**Information supplied**
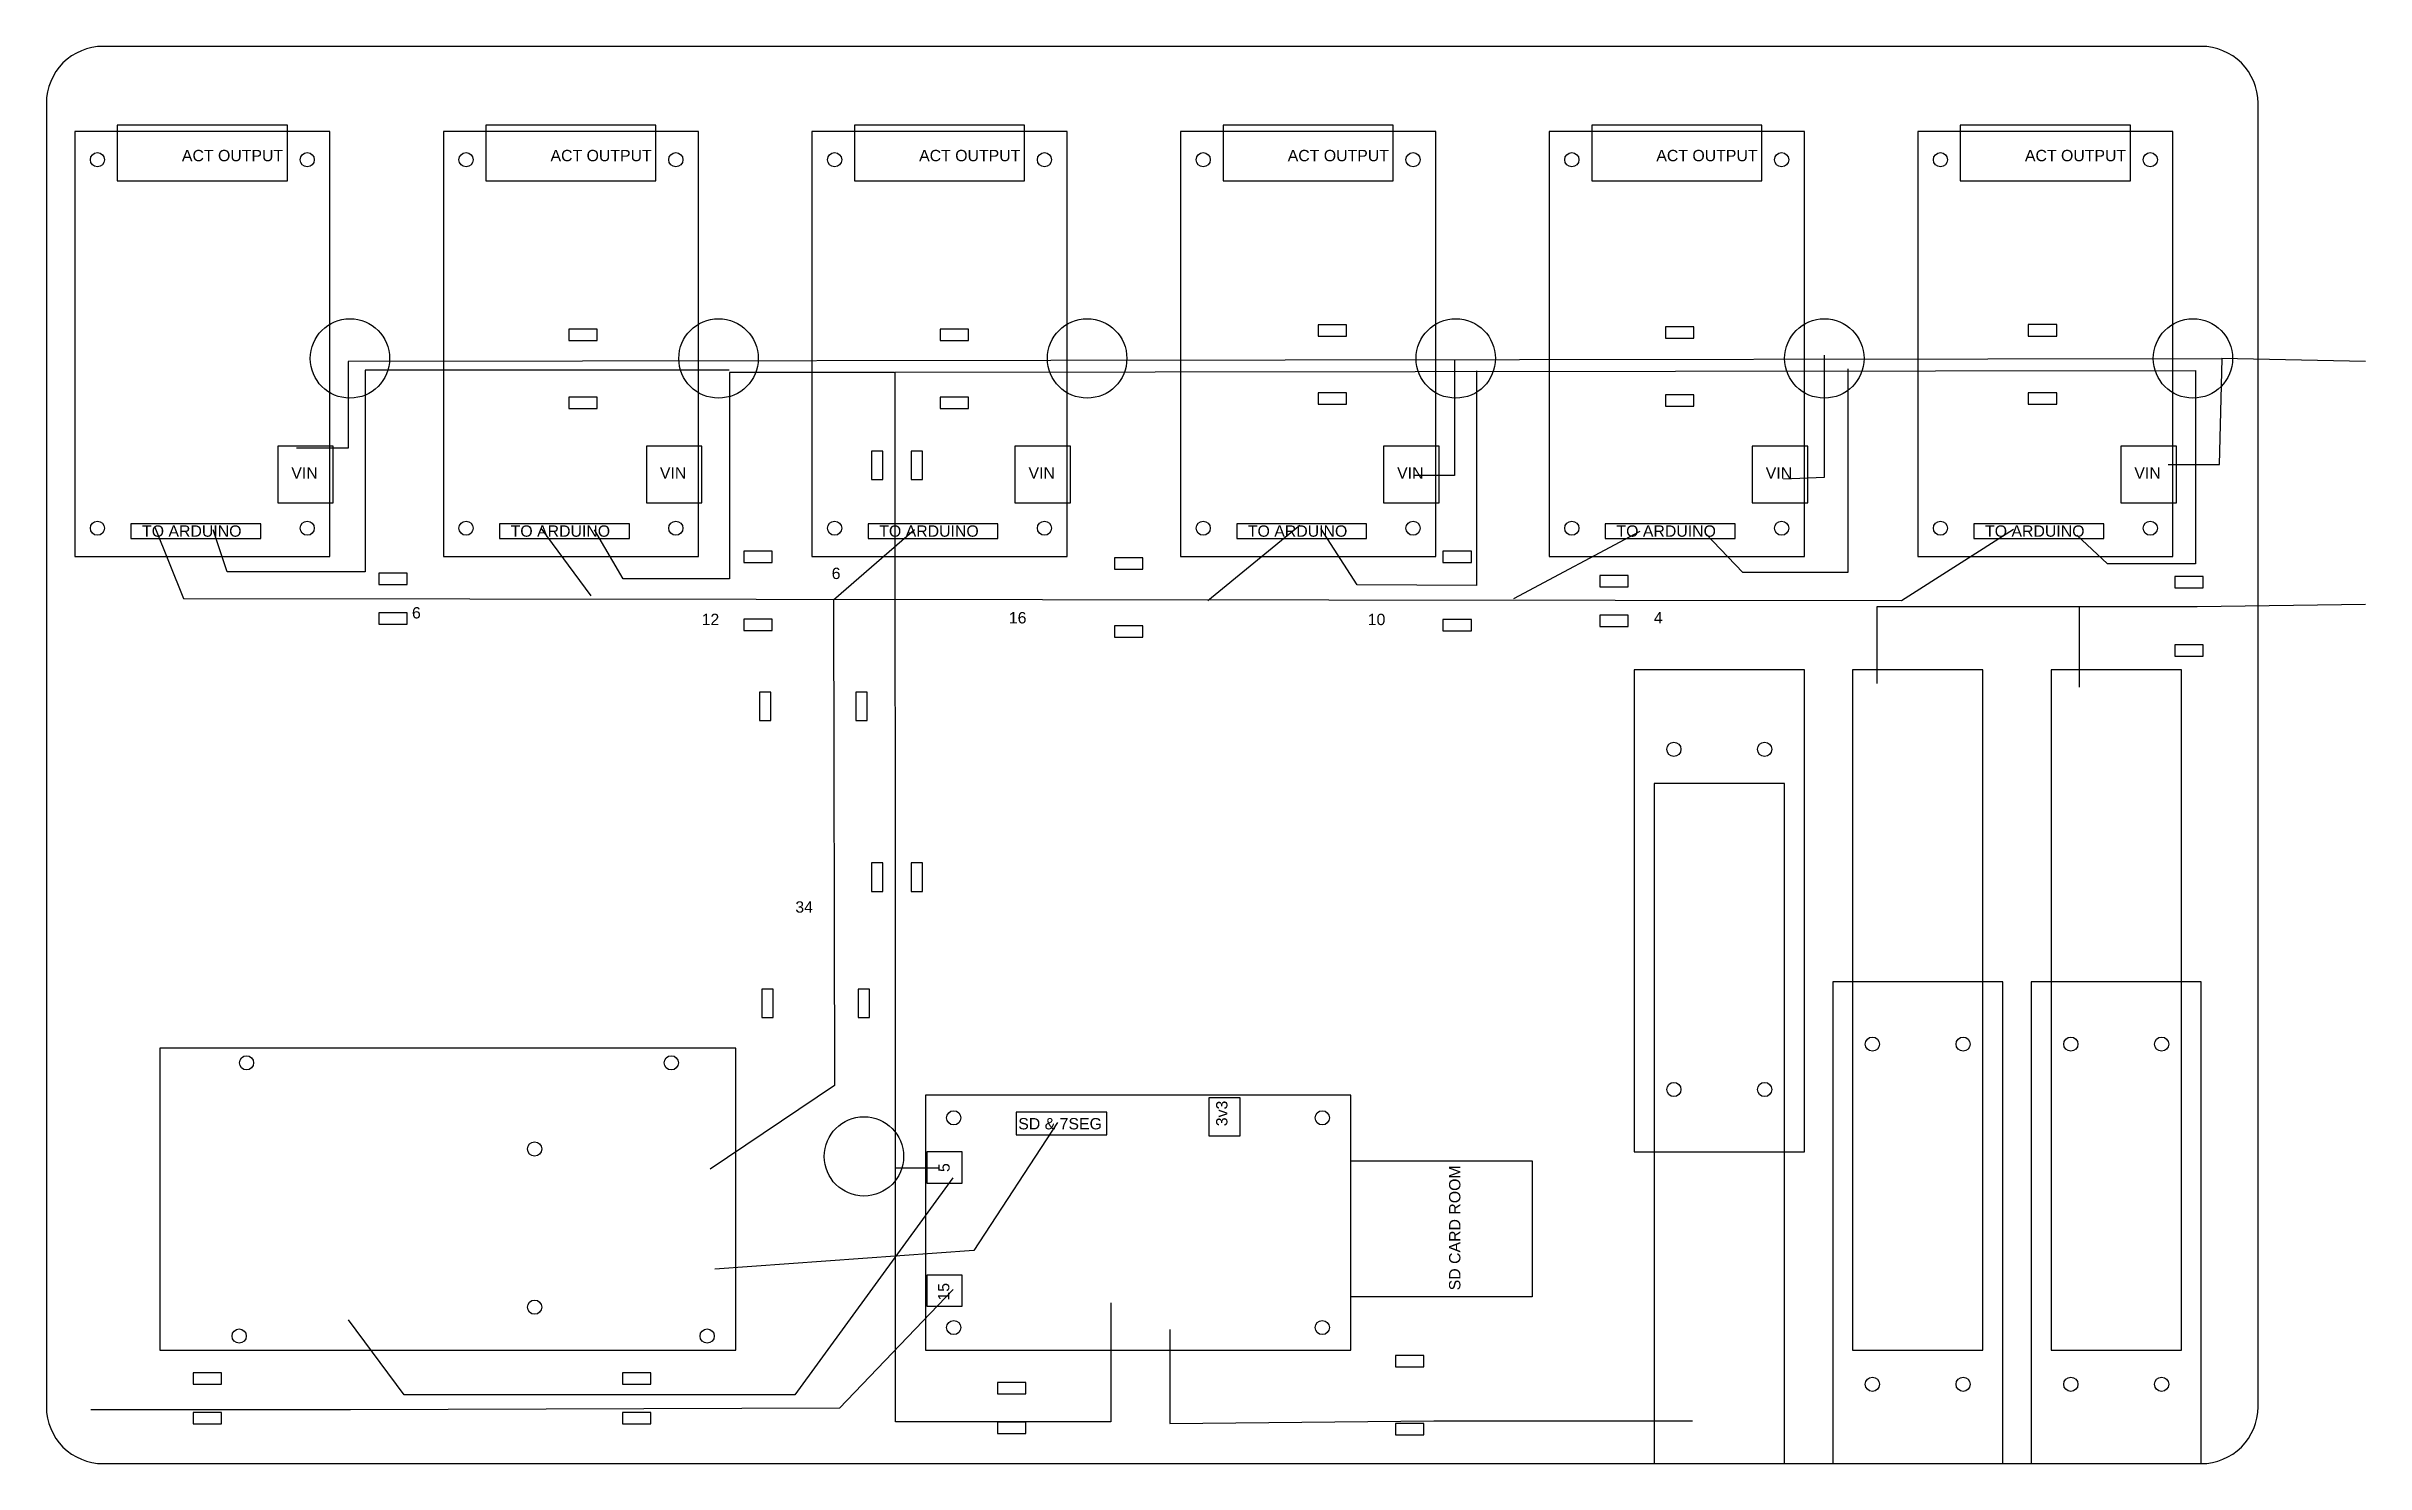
# Model space of a CAD drawing. Header units: centimetres. Extents: x 2 to 42.9, y 2 to 27.
import ezdxf

# ---------------------------------------------------------------- set-up
doc = ezdxf.new("R2010")
doc.units = ezdxf.units.CM
doc.header["$MEASUREMENT"] = 0
for name, color, linetype in [('Arduino', 90, 'Continuous'), ('Battery Holder', 3, 'Continuous'), ('Box', 90, 'Continuous'), ('Power Board', 90, 'Continuous'), ('Relay Board', 90, 'Continuous'), ('Strain Relief', 3, 'Continuous')]:
    doc.layers.add(name, color=color, linetype=linetype)
for name, color, linetype, plot in [('Arduino Details', 50, 'Continuous', False), ('Battery Holder Details', 2, 'Continuous', False), ('Power Board Details', 50, 'Continuous', False), ('Relay Board Details', 50, 'Continuous', False), ('Wire - Power', 1, 'Continuous', False), ('Wire - Signal', 4, 'Continuous', False)]:
    doc.layers.add(name, color=color, linetype=linetype, plot=plot)
doc.styles.get("Standard").update_dxf_attribs({"font": 'Arial.ttf'})

msp = doc.modelspace()

# ---------------------------------------------------------------- linework, layer by layer
at = {"layer": 'Arduino'}
for centre in [(5.53, 9.07), (13.02, 9.07), (10.61, 7.55), (10.61, 4.76), (5.4, 4.25), (13.652, 4.25)]:
    msp.add_circle(centre, 0.125, dxfattribs=at)
at = {"layer": 'Arduino Details'}
msp.add_lwpolyline([(4, 4), (14.16, 4), (14.16, 9.33), (4, 9.33)], close=True, dxfattribs=at)
at = {"layer": 'Battery Holder'}
for centre in [(30.7, 14.6), (32.3, 14.6), (34.2, 9.4), (35.8, 9.4), (37.7, 9.4), (39.3, 9.4), (30.7, 8.6), (32.3, 8.6), (34.2, 3.4), (35.8, 3.4), (37.7, 3.4), (39.3, 3.4)]:
    msp.add_circle(centre, 0.125, dxfattribs=at)
at = {"layer": 'Battery Holder Details'}
for points in [[(33, 16), (30, 16), (30, 7.5), (33, 7.5)], [(33.85, 4), (36.15, 4), (36.15, 16), (33.85, 16)], [(37.35, 4), (39.65, 4), (39.65, 16), (37.35, 16)], [(32.65, 14), (30.35, 14), (30.35, 2), (32.65, 2)], [(33.5, 2), (36.5, 2), (36.5, 10.5), (33.5, 10.5)], [(37, 2), (40, 2), (40, 10.5), (37, 10.5)]]:
    msp.add_lwpolyline(points, close=True, dxfattribs=at)
at = {"layer": 'Box'}
msp.add_lwpolyline([(3, 2), (40, 2, 0.414214), (41, 3), (41, 26, 0.414214), (40, 27), (3, 27, 0.414214), (2, 26), (2, 3, 0.414214)], format="xyb", close=True, dxfattribs=at)
at = {"layer": 'Power Board'}
for centre in [(18, 8.1), (24.5, 8.1), (18, 4.4), (24.5, 4.4)]:
    msp.add_circle(centre, 0.125, dxfattribs=at)
at = {"layer": 'Power Board Details'}
for points in [[(25, 4), (25, 8.5), (17.5, 8.5), (17.5, 4)], [(20.7, 7.8), (20.7, 8.2), (19.1, 8.2), (19.1, 7.8)], [(23.05, 7.78), (23.05, 8.45), (22.5, 8.45), (22.5, 7.78)], [(18.15, 6.95), (18.15, 7.5), (17.525, 7.5), (17.525, 6.95)], [(25, 4.94), (25, 7.34), (28.2, 7.34), (28.2, 4.94)], [(18.15, 4.775), (18.15, 5.325), (17.525, 5.325), (17.525, 4.775)]]:
    msp.add_lwpolyline(points, close=True, dxfattribs=at)
at = {"layer": 'Relay Board'}
for centre in [(2.9, 25), (6.6, 25), (9.4, 25), (13.1, 25), (15.9, 25), (19.6, 25), (22.4, 25), (26.1, 25), (28.9, 25), (32.6, 25), (35.4, 25), (39.1, 25), (2.9, 18.5), (6.6, 18.5), (9.4, 18.5), (13.1, 18.5), (15.9, 18.5), (19.6, 18.5), (22.4, 18.5), (26.1, 18.5), (28.9, 18.5), (32.6, 18.5), (35.4, 18.5), (39.1, 18.5)]:
    msp.add_circle(centre, 0.125, dxfattribs=at)
at = {"layer": 'Relay Board Details'}
for points in [[(2.5, 18), (7, 18), (7, 25.5), (2.5, 25.5)], [(3.25, 24.63), (6.25, 24.63), (6.25, 25.61), (3.25, 25.61)], [(9, 18), (13.5, 18), (13.5, 25.5), (9, 25.5)], [(9.75, 24.63), (12.75, 24.63), (12.75, 25.61), (9.75, 25.61)], [(15.5, 18), (20, 18), (20, 25.5), (15.5, 25.5)], [(16.25, 24.63), (19.25, 24.63), (19.25, 25.61), (16.25, 25.61)], [(22, 18), (26.5, 18), (26.5, 25.5), (22, 25.5)], [(22.75, 24.63), (25.75, 24.63), (25.75, 25.61), (22.75, 25.61)], [(28.5, 18), (33, 18), (33, 25.5), (28.5, 25.5)], [(29.25, 24.63), (32.25, 24.63), (32.25, 25.61), (29.25, 25.61)], [(35, 18), (39.5, 18), (39.5, 25.5), (35, 25.5)], [(35.75, 24.63), (38.75, 24.63), (38.75, 25.61), (35.75, 25.61)], [(6.08, 18.95), (7.06, 18.95), (7.06, 19.95), (6.08, 19.95)], [(12.58, 18.95), (13.56, 18.95), (13.56, 19.95), (12.58, 19.95)], [(19.08, 18.95), (20.06, 18.95), (20.06, 19.95), (19.08, 19.95)], [(25.58, 18.95), (26.56, 18.95), (26.56, 19.95), (25.58, 19.95)], [(32.08, 18.95), (33.06, 18.95), (33.06, 19.95), (32.08, 19.95)], [(38.58, 18.95), (39.56, 18.95), (39.56, 19.95), (38.58, 19.95)], [(3.49, 18.32), (5.78, 18.32), (5.78, 18.58), (3.49, 18.58)], [(9.99, 18.32), (12.28, 18.32), (12.28, 18.58), (9.99, 18.58)], [(16.49, 18.32), (18.78, 18.32), (18.78, 18.58), (16.49, 18.58)], [(22.99, 18.32), (25.28, 18.32), (25.28, 18.58), (22.99, 18.58)], [(29.49, 18.32), (31.78, 18.32), (31.78, 18.58), (29.49, 18.58)], [(35.99, 18.32), (38.28, 18.32), (38.28, 18.58), (35.99, 18.58)]]:
    msp.add_lwpolyline(points, close=True, dxfattribs=at)
at = {"layer": 'Strain Relief'}
for points in [[(24.925, 21.889), (24.925, 22.089), (24.425, 22.089), (24.425, 21.889)], [(37.45, 21.891), (37.45, 22.091), (36.95, 22.091), (36.95, 21.891)], [(11.713, 21.812), (11.713, 22.012), (11.213, 22.012), (11.213, 21.812)], [(18.261, 21.812), (18.261, 22.012), (17.761, 22.012), (17.761, 21.812)], [(31.049, 21.851), (31.049, 22.051), (30.549, 22.051), (30.549, 21.851)], [(24.925, 20.689), (24.925, 20.889), (24.425, 20.889), (24.425, 20.689)], [(37.45, 20.691), (37.45, 20.891), (36.95, 20.891), (36.95, 20.691)], [(11.713, 20.612), (11.713, 20.812), (11.213, 20.812), (11.213, 20.612)], [(18.261, 20.612), (18.261, 20.812), (17.761, 20.812), (17.761, 20.612)], [(31.049, 20.651), (31.049, 20.851), (30.549, 20.851), (30.549, 20.651)], [(16.552, 19.36), (16.752, 19.36), (16.752, 19.86), (16.552, 19.86)], [(17.252, 19.36), (17.452, 19.36), (17.452, 19.86), (17.252, 19.86)], [(14.799, 17.894), (14.799, 18.094), (14.299, 18.094), (14.299, 17.894)], [(27.128, 17.893), (27.128, 18.093), (26.628, 18.093), (26.628, 17.893)], [(8.36, 17.51), (8.36, 17.71), (7.86, 17.71), (7.86, 17.51)], [(21.334, 17.776), (21.334, 17.976), (20.834, 17.976), (20.834, 17.776)], [(29.891, 17.464), (29.891, 17.664), (29.391, 17.664), (29.391, 17.464)], [(40.031, 17.446), (40.031, 17.646), (39.531, 17.646), (39.531, 17.446)], [(8.36, 16.81), (8.36, 17.01), (7.86, 17.01), (7.86, 16.81)], [(14.799, 16.694), (14.799, 16.894), (14.299, 16.894), (14.299, 16.694)], [(21.334, 16.576), (21.334, 16.776), (20.834, 16.776), (20.834, 16.576)], [(27.128, 16.693), (27.128, 16.893), (26.628, 16.893), (26.628, 16.693)], [(29.891, 16.764), (29.891, 16.964), (29.391, 16.964), (29.391, 16.764)], [(40.031, 16.246), (40.031, 16.446), (39.531, 16.446), (39.531, 16.246)], [(14.576, 15.106), (14.776, 15.106), (14.776, 15.606), (14.576, 15.606)], [(16.276, 15.106), (16.476, 15.106), (16.476, 15.606), (16.276, 15.606)], [(16.552, 12.095), (16.752, 12.095), (16.752, 12.595), (16.552, 12.595)], [(17.252, 12.095), (17.452, 12.095), (17.452, 12.595), (17.252, 12.595)], [(14.614, 9.869), (14.814, 9.869), (14.814, 10.369), (14.614, 10.369)], [(16.314, 9.869), (16.514, 9.869), (16.514, 10.369), (16.314, 10.369)], [(26.289, 3.71), (26.289, 3.91), (25.789, 3.91), (25.789, 3.71)], [(5.086, 3.402), (5.086, 3.602), (4.586, 3.602), (4.586, 3.402)], [(12.661, 3.4), (12.661, 3.6), (12.161, 3.6), (12.161, 3.4)], [(19.27, 3.234), (19.27, 3.434), (18.77, 3.434), (18.77, 3.234)], [(5.086, 2.702), (5.086, 2.902), (4.586, 2.902), (4.586, 2.702)], [(12.661, 2.7), (12.661, 2.9), (12.161, 2.9), (12.161, 2.7)], [(19.27, 2.534), (19.27, 2.734), (18.77, 2.734), (18.77, 2.534)], [(26.289, 2.51), (26.289, 2.71), (25.789, 2.71), (25.789, 2.51)]]:
    msp.add_lwpolyline(points, close=True, dxfattribs=at)
for centre in [(7.353, 21.495), (13.853, 21.495), (20.353, 21.495), (26.853, 21.495), (33.353, 21.495), (39.853, 21.495), (16.417, 7.419)]:
    msp.add_circle(centre, 0.7, dxfattribs=at)
at = {"layer": 'Wire - Power'}
for points in [[(14.043, 21.288), (7.619, 21.288), (7.619, 17.73), (5.187, 17.731), (4.94, 18.471)], [(39.414, 19.623), (40.323, 19.623), (40.371, 21.488), (7.319, 21.44), (7.319, 19.91), (6.41, 19.91)], [(20.769, 4.835), (20.769, 2.739), (16.976, 2.739), (16.976, 9.459), (16.966, 21.255), (39.9, 21.281), (39.9, 17.872), (38.345, 17.872), (37.806, 18.38)], [(27.22, 21.277), (27.22, 17.488), (25.113, 17.499), (24.472, 18.498)], [(26.829, 21.472), (26.829, 19.431), (26.123, 19.431)], [(33.768, 21.311), (33.768, 17.722), (31.913, 17.722), (31.255, 18.41)], [(33.349, 21.55), (33.349, 19.397), (32.631, 19.367)], [(42.898, 21.443), (40.354, 21.492)], [(16.955, 21.249), (14.048, 21.249), (14.048, 17.606), (12.173, 17.606), (11.668, 18.469)], [(34.287, 15.764), (34.287, 17.118), (39.926, 17.118), (42.898, 17.162)], [(37.852, 15.698), (37.852, 17.123)], [(17.983, 7.044), (15.2, 3.212), (8.309, 3.212), (7.328, 4.535)], [(17.729, 7.213), (16.963, 7.213)], [(17.991, 5.074), (15.987, 2.981), (7.363, 2.949), (2.785, 2.949)], [(21.813, 4.366), (21.813, 2.708), (26.466, 2.754), (31.027, 2.754)]]:
    msp.add_lwpolyline(points, dxfattribs=at)
at = {"layer": 'Wire - Signal'}
for points in [[(3.914, 18.519), (4.418, 17.261), (34.711, 17.225), (36.689, 18.483)], [(11.605, 17.305), (10.728, 18.501)], [(17.308, 18.471), (15.88, 17.234), (15.897, 8.669), (13.703, 7.195)], [(22.483, 17.225), (24.101, 18.555)], [(27.877, 17.261), (30.107, 18.447)], [(19.83, 8.017), (18.354, 5.762), (13.786, 5.428)]]:
    msp.add_lwpolyline(points, dxfattribs=at)

# ---------------------------------------------------------------- texts
at = {"layer": 'Power Board Details'}
for s, p in [('3v3', (22.827, 7.952)), ('5', (17.928, 7.144)), ('SD CARD ROOM', (26.935, 5.057)), ('15', (17.922, 4.876))]:
    msp.add_text(s, height=0.2, rotation=90, dxfattribs=at).set_placement(p)
msp.add_text('SD & 7SEG', height=0.2, dxfattribs=at).set_placement((19.138, 7.896))
at = {"layer": 'Relay Board Details'}
for s, p in [('ACT OUTPUT', (4.39, 24.974)), ('ACT OUTPUT', (10.89, 24.974)), ('ACT OUTPUT', (17.39, 24.974)), ('ACT OUTPUT', (23.89, 24.974)), ('ACT OUTPUT', (30.39, 24.974)), ('ACT OUTPUT', (36.89, 24.974)), ('VIN', (6.319, 19.376)), ('VIN', (12.819, 19.376)), ('VIN', (19.319, 19.376)), ('VIN', (25.819, 19.376)), ('VIN', (32.319, 19.376)), ('VIN', (38.819, 19.376)), ('TO ARDUINO', (3.687, 18.35)), ('TO ARDUINO', (10.187, 18.35)), ('TO ARDUINO', (16.687, 18.35)), ('TO ARDUINO', (23.187, 18.35)), ('TO ARDUINO', (29.687, 18.35)), ('TO ARDUINO', (36.187, 18.35))]:
    msp.add_text(s, height=0.2, dxfattribs=at).set_placement(p)
at = {"layer": 'Wire - Signal'}
for s, p in [('6', (15.848, 17.604)), ('6', (8.447, 16.908)), ('12', (13.555, 16.792)), ('16', (18.972, 16.821)), ('10', (25.301, 16.792)), ('4', (30.346, 16.821)), ('34', (15.207, 11.719))]:
    msp.add_text(s, height=0.2, dxfattribs=at).set_placement(p)

doc.saveas('drawing.dxf')

**Exercise aim**
Show every line of the data in which the word "Relay" appears.

**Solved problem**
for name, color, linetype in [('Arduino', 90, 'Continuous'), ('Battery Holder', 3, 'Continuous'), ('Box', 90, 'Continuous'), ('Power Board', 90, 'Continuous'), ('Relay Board', 90, 'Continuous'), ('Strain Relief', 3, 'Continuous')]:
for name, color, linetype, plot in [('Arduino Details', 50, 'Continuous', False), ('Battery Holder Details', 2, 'Continuous', False), ('Power Board Details', 50, 'Continuous', False), ('Relay Board Details', 50, 'Continuous', False), ('Wire - Power', 1, 'Continuous', False), ('Wire - Signal', 4, 'Continuous', False)]:
at = {"layer": 'Relay Board'}
at = {"layer": 'Relay Board Details'}
at = {"layer": 'Relay Board Details'}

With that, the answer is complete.